2. Pour prononcer la décharge en droits et pénalités, des cotisations supplémentaires d'impôt sur le revenu auxquelles M. A a été assujetti au titre de l'année 2015, procédant de la remise en cause de l'exonération du régime de faveur prévu pour les activités exercées au sein des zones franches urbaines, le tribunal a estimé, après avoir relevé ce moyen d'office, que le service avait, à tort, opposé les dispositions de l'article 44 octies du code général des impôts lesquelles, lesquelles, eu égard à la date de création de l'entreprise, étaient inapplicables, alors que l'intéressé avait sollicité le bénéfice du régime de faveur prévu pour les entreprises implantées au sein des zones franches urbaines sur le fondement des dispositions de l'article 44 octies A du même code.
3. Si l'administration peut, à tout moment de la procédure, invoquer un nouveau motif de droit propre à justifier l'imposition, une telle substitution de base légale ne saurait avoir pour effet de priver le contribuable d'une garantie de procédure attachée à la nouvelle base légale invoquée.
4. Le ministre, qui se prévaut d'une erreur de plume entre l'article 44 octies et 44 octies A du code général des impôts, dont les conditions d'admission sont identiques, demande toutefois, dans le cadre d'une substitution de base légale, que les dispositions de l'article 44 octies A soient substituées à celle de l'article 44 octies du même code, lesquelles ne sont en effet applicables qu'aux contribuables qui exercent ou créent des activités dans les ZFU-TE avant le 31 décembre 2001. La procédure contradictoire ayant été suivie, la substitution de ces dispositions n'a privé M. A d'aucune garantie. Par suite, il y a lieu de procéder à la substitution de base légale sollicitée.

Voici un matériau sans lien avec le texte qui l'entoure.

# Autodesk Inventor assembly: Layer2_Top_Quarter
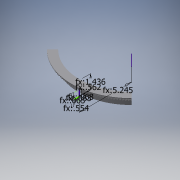
[picture p0: Inventor's stored thumbnail of the model, 180x180]
Saved by Autodesk Inventor 2017 (Build 210142000, 142)
## iProperties
Created: 2017-02-10
Part Number: Layer2_Top_Quarter
Document SubType Name: Assembly
Designer: David Kopala
Author: David Kopala
## Documents named in this file (3)
- Z:\Documents\Drone\Drone\3D Models\Project\Chassis_04\PrinterStaging\Layer2_Top_Quarter.iam
- Z:\Documents\Drone\Drone\3D Models\Project\Chassis_04\PrinterStaging\Layer2_Top_Quarter.ipt
- Z:\Documents\Drone\Drone\3D Models\Project\Chassis_04\PrinterStaging\Spur Gear11_Prep.ipt
## Components (2 placed, 2 different names)
1. Layer2_Top_Quarter:1 — Mate:1, Insert:1, Flush:1
2. Spur Gear1:1 — Mate:1, Insert:1, Flush:1
## Relationships (3: Mate 1, Insert 1, Flush 1)
- Mate:1: Layer2_Top_Quarter:1 ↔ Spur Gear1:1
- Insert:1: Layer2_Top_Quarter:1 ↔ Spur Gear1:1
- Flush:1: Layer2_Top_Quarter:1 ↔ Spur Gear1:1
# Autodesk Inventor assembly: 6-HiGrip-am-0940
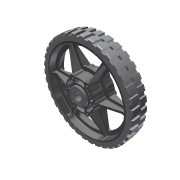
[picture p0: Inventor's stored thumbnail of the model, 180x180]
Saved by Autodesk Inventor 2012 (Build 160160000, 160)
## iProperties
Created: 2012-01-08
Part Number: 6-HiGrip-am-0940
Document SubType Name: Assembly
Designer: JesseK
Mass: 305.945 g
Surface Area: 1170.57 cm^2
Volume: 198.253 cm^3
Density: 1.5432 g/cm^3
Translation Standard: STEP AP203
FileName: 6-HiGrip-am-0940.STEP
PreProcessor: SolidWorks 2010
PostProcessor: Build: 160, Release: 2012 RTM - Date: Tue 03/01/2011
Sent Units: inch
Uncertainty: 1e-05
Author: JesseK
## Documents named in this file (4)
- Z:\UserData\Documents\Inventor\team1885frc\AndyMark\HiGrip6in\6-HiGrip-am-0940.iam
- Z:\UserData\Documents\Inventor\team1885frc\AndyMark\HiGrip6in\Imported Components\6-HiGrip-am-0940\6in 2008 FIRST Hub.ipt
- Z:\UserData\Documents\Inventor\team1885frc\AndyMark\HiGrip6in\Imported Components\6-HiGrip-am-0940\6 HiGrip Tread.ipt
- Z:\UserData\Documents\Inventor\team1885frc\Hardware\Bearings\Bearing_0.375ID_1.125OD.ipt
## Components (4 placed, 3 different names)
1. 6in 2008 FIRST Hub:1 — Mate:1, Mate:2, Mate:3, Mate:4
2. 6 HiGrip Tread:1
3. Bearing_0.375ID_1.125OD:1 — Mate:3, Mate:4
4. Bearing_0.375ID_1.125OD:2 — Mate:1, Mate:2
## Relationships (4: Mate 4)
- Mate:1: 6in 2008 FIRST Hub:1 ↔ Bearing_0.375ID_1.125OD:2
- Mate:2: 6in 2008 FIRST Hub:1 ↔ Bearing_0.375ID_1.125OD:2
- Mate:3: 6in 2008 FIRST Hub:1 ↔ Bearing_0.375ID_1.125OD:1
- Mate:4: 6in 2008 FIRST Hub:1 ↔ Bearing_0.375ID_1.125OD:1
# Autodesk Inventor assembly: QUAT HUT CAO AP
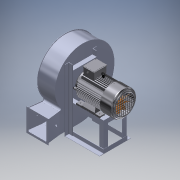
[picture p0: Inventor's stored thumbnail of the model, 180x180]
Saved by Autodesk Inventor 2017 (Build 210142000, 142)
## iProperties
Created: 2013-02-22
Part Number: QUAT HUT CAO AP
Document SubType Name: Assembly
Designer: XuZhiqing
Sending System: SolidWorks 2013
Last Author: Usr01
Last Saved: 2013-03-04
Author: XuZhiqing
## Documents named in this file (6)
- C:\Users\XuZhiqing\Desktop\Project01-CFD_the_sys\CAD-IPT\compressor\QUAT HUT CAO AP.iam
- C:\Users\XuZhiqing\Desktop\Project01-CFD_the_sys\CAD-IPT\compressor\QUAT HUT.iam
- C:\Users\XuZhiqing\Desktop\Project01-CFD_the_sys\CAD-IPT\compressor\CANH.iam
- C:\Users\XuZhiqing\Desktop\Project01-CFD_the_sys\CAD-IPT\compressor\MAT TROI.iam
- C:\Users\XuZhiqing\Desktop\Project01-CFD_the_sys\CAD-IPT\compressor\DAU GIAM AP.iam
- C:\Users\XuZhiqing\Desktop\Project01-CFD_the_sys\CAD-IPT\compressor\User Library-Motor_1LG0186_.ipt
## Components (5 placed, 5 different names)
1. QUAT HUT:1 [sub-assembly] — Flush:1
2. CANH:1 [sub-assembly]
3. Assem2^QUAT HUT CAO AP:1 [sub-assembly] — Flush:1
4. DAU GIAM AP:1 [sub-assembly]
5. User Library-Motor_1LG0186_:1
## Relationships (1: Flush 1)
- Flush:1: QUAT HUT:1 ↔ Assem2^QUAT HUT CAO AP:1

5. Aux termes de l'article 44 octies A du code général des impôts dans sa rédaction applicable :" I.- Les contribuables qui, entre le 1er janvier 2006 et le 31 décembre 2020, créent des activités dans les zones franches urbaines - territoires entrepreneurs définies au B du 3 de l'article 42 de la loi n° 95-115 du 4 février 1995 d'orientation pour l'aménagement et le développement du territoire, ainsi que ceux qui, entre le 1er janvier 2006 et le 31 décembre 2011, exercent des activités dans les zones franches urbaines - territoires entrepreneurs définies au deuxième alinéa du B du 3 de l'article 42 de la même loi sont exonérés d'impôt sur le revenu ou d'impôt sur les sociétés à raison des bénéfices provenant des activités implantées dans la zone jusqu'au 31 décembre 2010 pour les contribuables qui y exercent déjà une activité au 1er janvier 2006 ou, dans le cas contraire, jusqu'au terme du cinquante-neuvième mois suivant celui du début de leur activité dans l'une de ces zones. () / Lorsque l'activité non sédentaire d'un contribuable est implantée dans une zone franche urbaine-territoire entrepreneur mais exercée en tout ou partie en dehors des zones franches urbaines-territoires entrepreneurs, l'exonération s'applique si ce contribuable emploie au moins un salarié sédentaire à temps plein, ou équivalent, exerçant ses fonctions dans les locaux affectés à l'activité ou si ce contribuable réalise au moins 25 % de son chiffre d'affaires auprès de clients situés dans les zones franches urbaines-territoires entrepreneurs. () ". Aux termes de l'article 49 L de l'annexe III au code général des impôts dans sa rédaction applicable : " Le contribuable qui peut bénéficier des dispositions de l'article 44 octies ou de l'article 44 octies A du code général des impôts doit joindre à la déclaration du résultat de la période d'imposition considérée un document conforme à un modèle établi par l'administration comportant les éléments nécessaires à la détermination du bénéfice ouvrant droit à exonération. "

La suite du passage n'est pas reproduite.